I'm curious about how this would work, tax wise, as I opened the account in late 2017 with the rollover from a previous employers 401k. This is the current asset allocation of my IRA, which makes up most of the IRA balance.


Rollover 401k Contribution: $64,938.54
Rollover "Pension" Contribution: $11,988.74
Non-deductible Contribution: $14,006.87
Gains/Appreciation: $20,408.85
Total: $111,343.00

Questions:
Would the rollover contributions be eligible for a backdoor roth coversion? I've never paid taxes on either of the rollover buckets.
Would we just owe our current income tax rate if we converted the non-deductible contributions?
Do you have any suggestions on how to rollover any of this and limit our current tax liability?

My understanding is that the IRS isn't sophisticated enough to know what amounts are pre-tax/post-tax contributions and they'd tax it all the same.
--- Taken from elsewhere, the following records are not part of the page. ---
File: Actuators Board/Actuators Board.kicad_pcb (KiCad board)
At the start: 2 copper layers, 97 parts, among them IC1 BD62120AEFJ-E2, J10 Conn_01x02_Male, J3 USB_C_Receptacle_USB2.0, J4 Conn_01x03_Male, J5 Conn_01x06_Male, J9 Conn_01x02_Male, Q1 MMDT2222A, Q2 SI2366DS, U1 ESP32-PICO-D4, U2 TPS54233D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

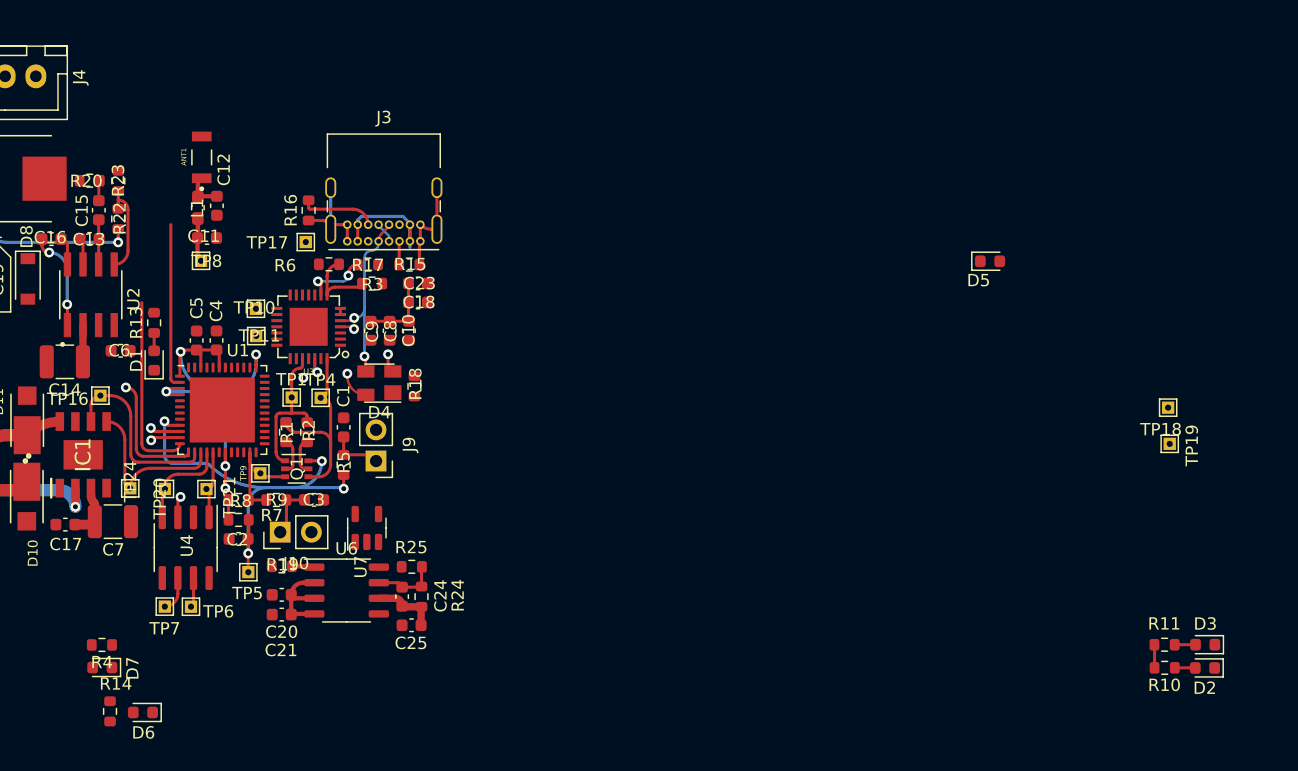
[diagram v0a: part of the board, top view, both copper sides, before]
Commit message: Connected usb & uart to esp32
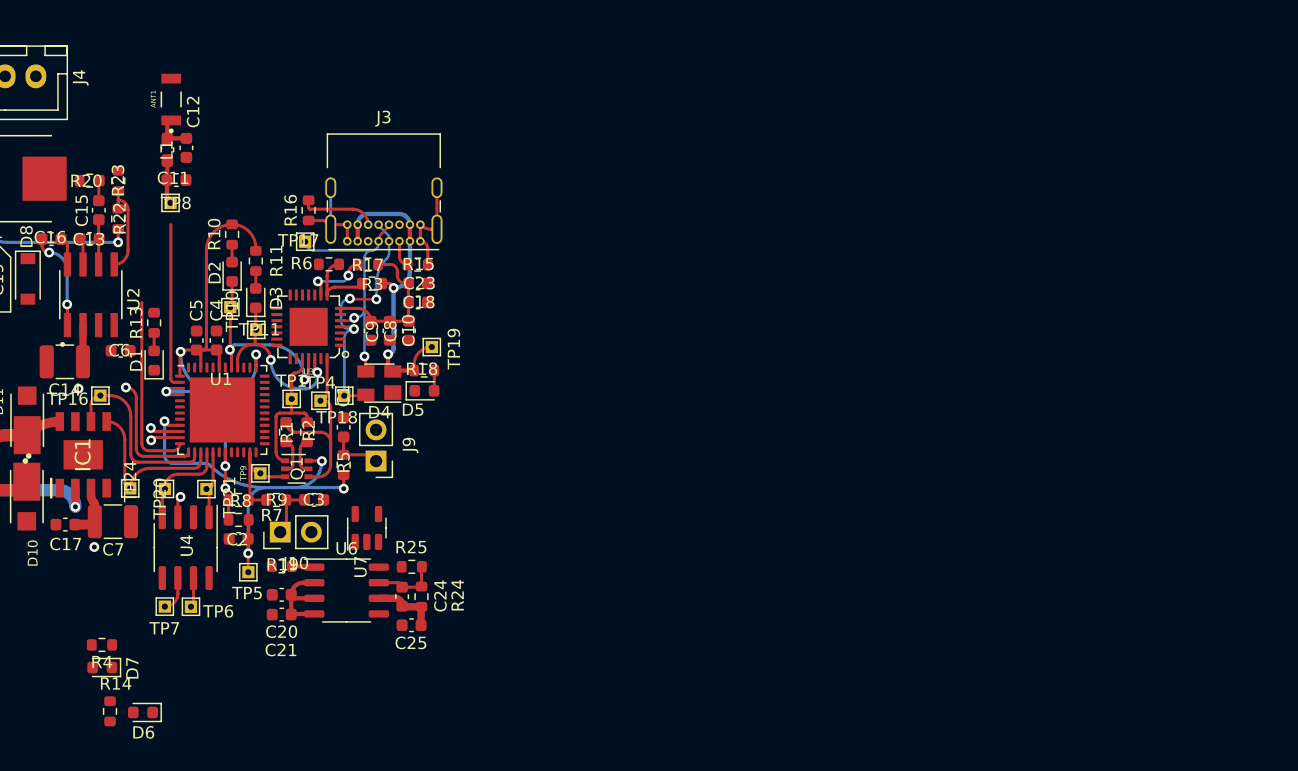
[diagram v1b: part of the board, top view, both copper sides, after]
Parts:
- moved D2 85.5 mm to (161.1, 95.1), turned to 90 degrees
- moved R10 83.7 mm to (161.1, 92.1), turned to -90 degrees
- moved D3 82.3 mm to (163.1, 97.3), turned to 90 degrees
- moved R11 80.3 mm to (163.1, 94.2), turned to -90 degrees
- moved TP18 67.1 mm to (170.3, 105.2)
- moved TP19 60.6 mm to (177.4, 101.3)
- moved D5 47.2 mm to (176.8, 104.8)
- moved TP8 5.33 mm to (156.1, 89.5)
- moved C12 5.33 mm to (157.4, 85.0)
- moved ANT1 5.33 mm to (156.2, 81.1)
- moved C11 5.33 mm to (156.6, 87.7)
- moved L1 5.33 mm to (155.9, 85.2)
- moved TP10 2.09 mm to (161.0, 98.0)
- moved R18 1.51 mm to (176.8, 103.2), turned to 0 degrees
- moved R15 0.68 mm to (176.2, 94.5)
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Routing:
- net +3V3: track 48.4 -> 67.6 mm
- net /RXD: track 0.00 -> 16.9 mm, vias 0 -> 2
- net /USB -> UART/Data+: track 5.50 -> 21.3 mm, vias 1 -> 3
- net VBUS: track 19.8 -> 35.4 mm, vias 1 -> 2
- net /TXD: track 1.22 -> 14.9 mm, vias 0 -> 2
- net /USB -> UART/Data-: track 15.5 -> 21.3 mm, vias 1 -> 2
- net Net-(D5-Pad2): track 0.00 -> 1.66 mm
- net +24V: vias 0 -> 2
- net (no net): vias 4 -> 0

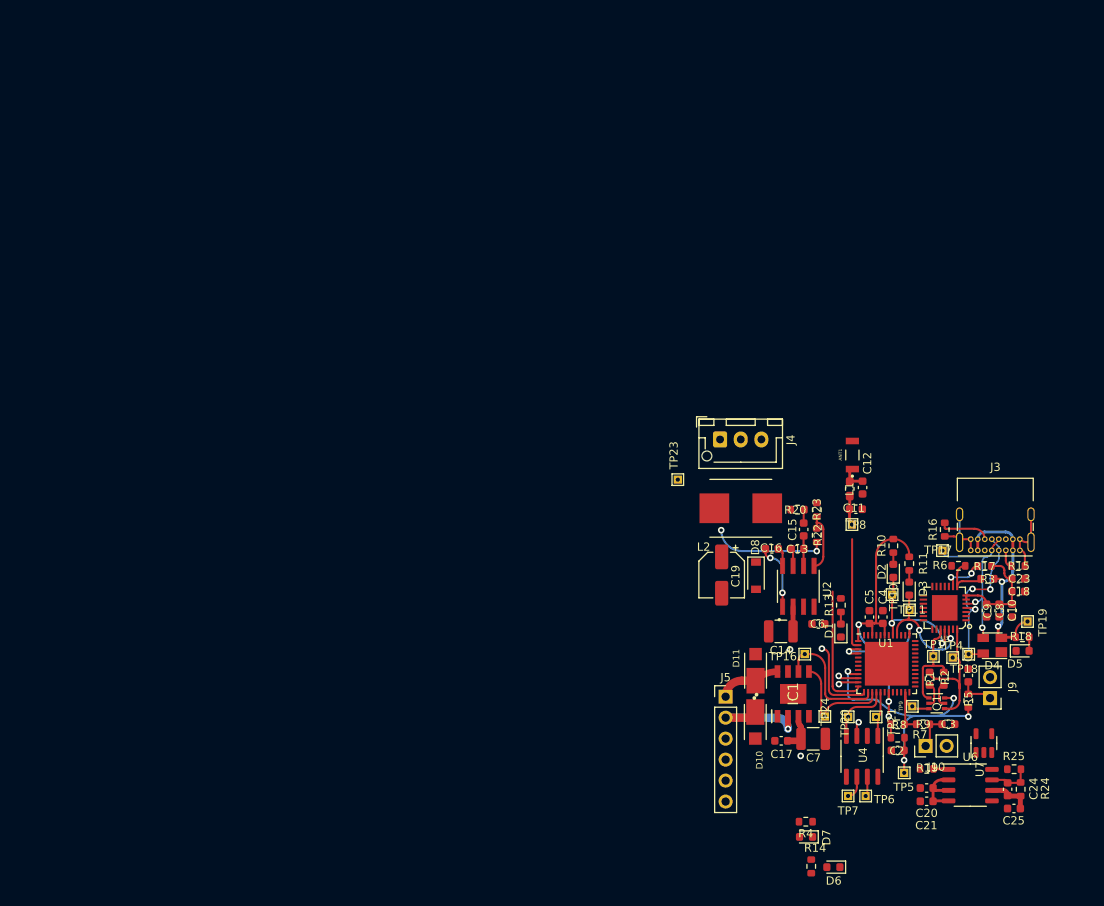
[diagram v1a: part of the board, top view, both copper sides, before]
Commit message: Added mounting holes, initial placement inside 50x50 board
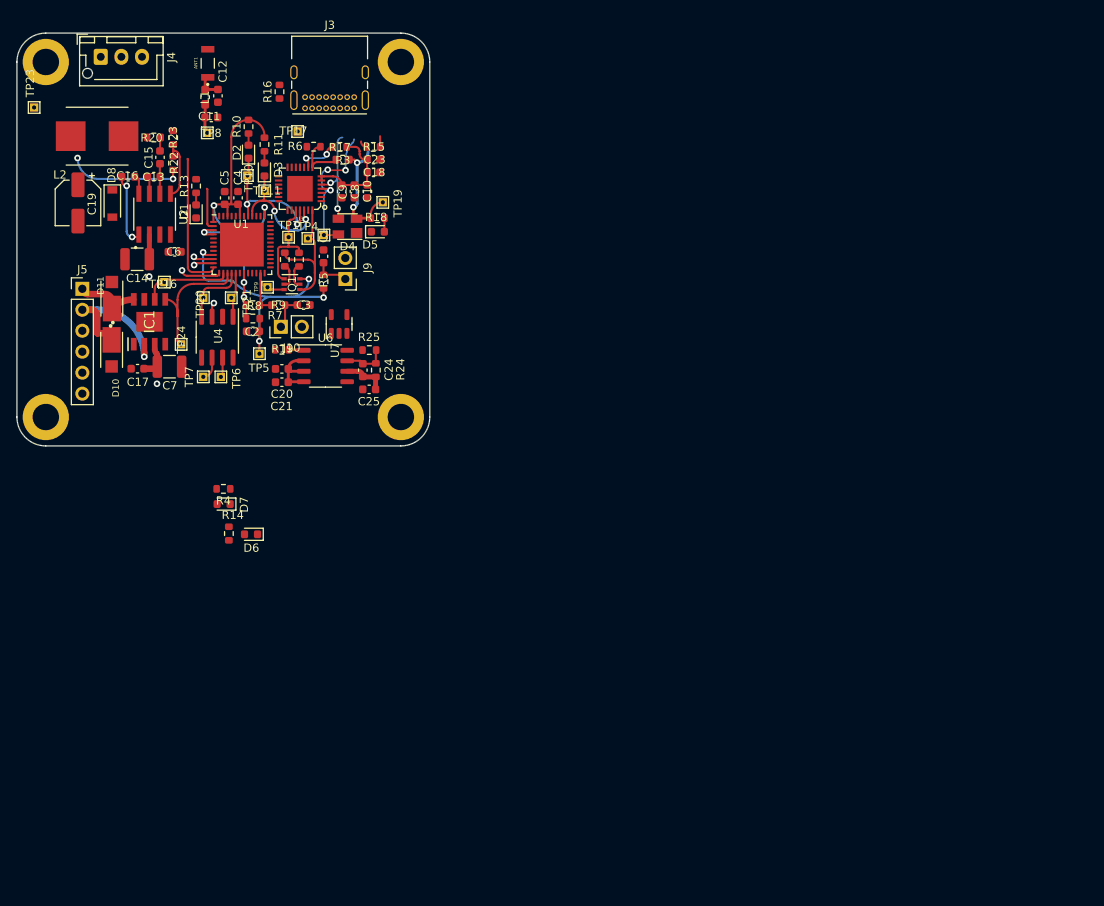
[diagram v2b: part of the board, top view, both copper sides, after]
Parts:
- added H1: MountingHole_Pad, MountingHole:MountingHole_3.2mm_M3_DIN965_Pad, F.Cu at (58.5, 76.5)
- added H2: MountingHole_Pad, MountingHole:MountingHole_3.2mm_M3_DIN965_Pad, F.Cu at (101.5, 33.5)
- added H3: MountingHole_Pad, MountingHole:MountingHole_3.2mm_M3_DIN965_Pad, F.Cu at (101.5, 76.5)
- added H4: MountingHole_Pad, MountingHole:MountingHole_3.2mm_M3_DIN965_Pad, F.Cu at (58.5, 33.5)
- moved J3 96.8 mm to (95.8, 39.1)
- moved R16 96.5 mm to (86.8, 37.1)
- moved C18 93.1 mm to (98.2, 46.9)
- moved J9 93.1 mm to (94.8, 59.8)
- moved R3 93.1 mm to (94.4, 45.3)
- moved U4 93.1 mm to (79.3, 66.8)
- moved C1 93.1 mm to (92.1, 57.0)
- moved C10 93.1 mm to (97.4, 49.2)
- moved C20 93.1 mm to (87.1, 70.7)
- moved C21 93.1 mm to (87.1, 72.3)
- moved C23 93.1 mm to (98.2, 45.3)
- moved C25 93.1 mm to (97.7, 73.2)
- moved C3 93.1 mm to (89.7, 62.9)
- moved C4 93.1 mm to (81.8, 50.0)
- moved C5 93.1 mm to (80.2, 50.0)
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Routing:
- net GND: track 19.7 -> 3.50 mm
- net VBUS: track 35.4 -> 23.4 mm
- net /USB -> UART/Data-: track 21.3 -> 12.8 mm
- net /LNA_IN: track 17.1 -> 8.80 mm
- net Net-(J3-PadB5): track 6.20 -> 0.00 mm
- net /Motor-: track 13.7 -> 19.5 mm
- net /ServoPWM: track 10.2 -> 5.02 mm
- net /HBridgeDIR2: track 15.2 -> 10.4 mm
- net /USB -> UART/Data+: track 21.3 -> 18.6 mm
- net /HBridgeDIR1: track 14.1 -> 16.6 mm
- net Net-(J3-PadA5): track 2.28 -> 1.01 mm
- net /SolEN: track 15.6 -> 16.9 mm
- net Net-(C16-Pad1): track 8.10 -> 8.93 mm
- net /Motor+: track 7.59 -> 8.20 mm
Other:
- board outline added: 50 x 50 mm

For example, say I wanted to covert $10,000 of a $100,000 IRA to my roth.
10,000 * .24 = $2,400
10,000/100,000 = 10%
Total Tax Obligation = $2,400 *.90 = $2,160


Backdoor Roth is slang for the process for funding a Roth when you make to much to fund it directly. What you are actually doing is converting a traditional IRA to a Roth (distinction is relevant because conversion rules are what you need to understand.. It doesn't matter where the IRA money came from, only how it was taxed).

To answer your question, you will pay tax (no penalty) on the pro rata portion of any amount you convert that was pre tax in all of your traditional IRAs. So, in your breakdown above, about 12.6% of your IRA is post tax, 87.4% is pre tax.. so you will pay tax on 87.4% of whatever amount you convert.

A strategy is to continue to max contribute non deductible contributions as you convert, this accelerates the pro rata swing allowing you to convert more and more over time without increasing tax liabilities beyond the baseline.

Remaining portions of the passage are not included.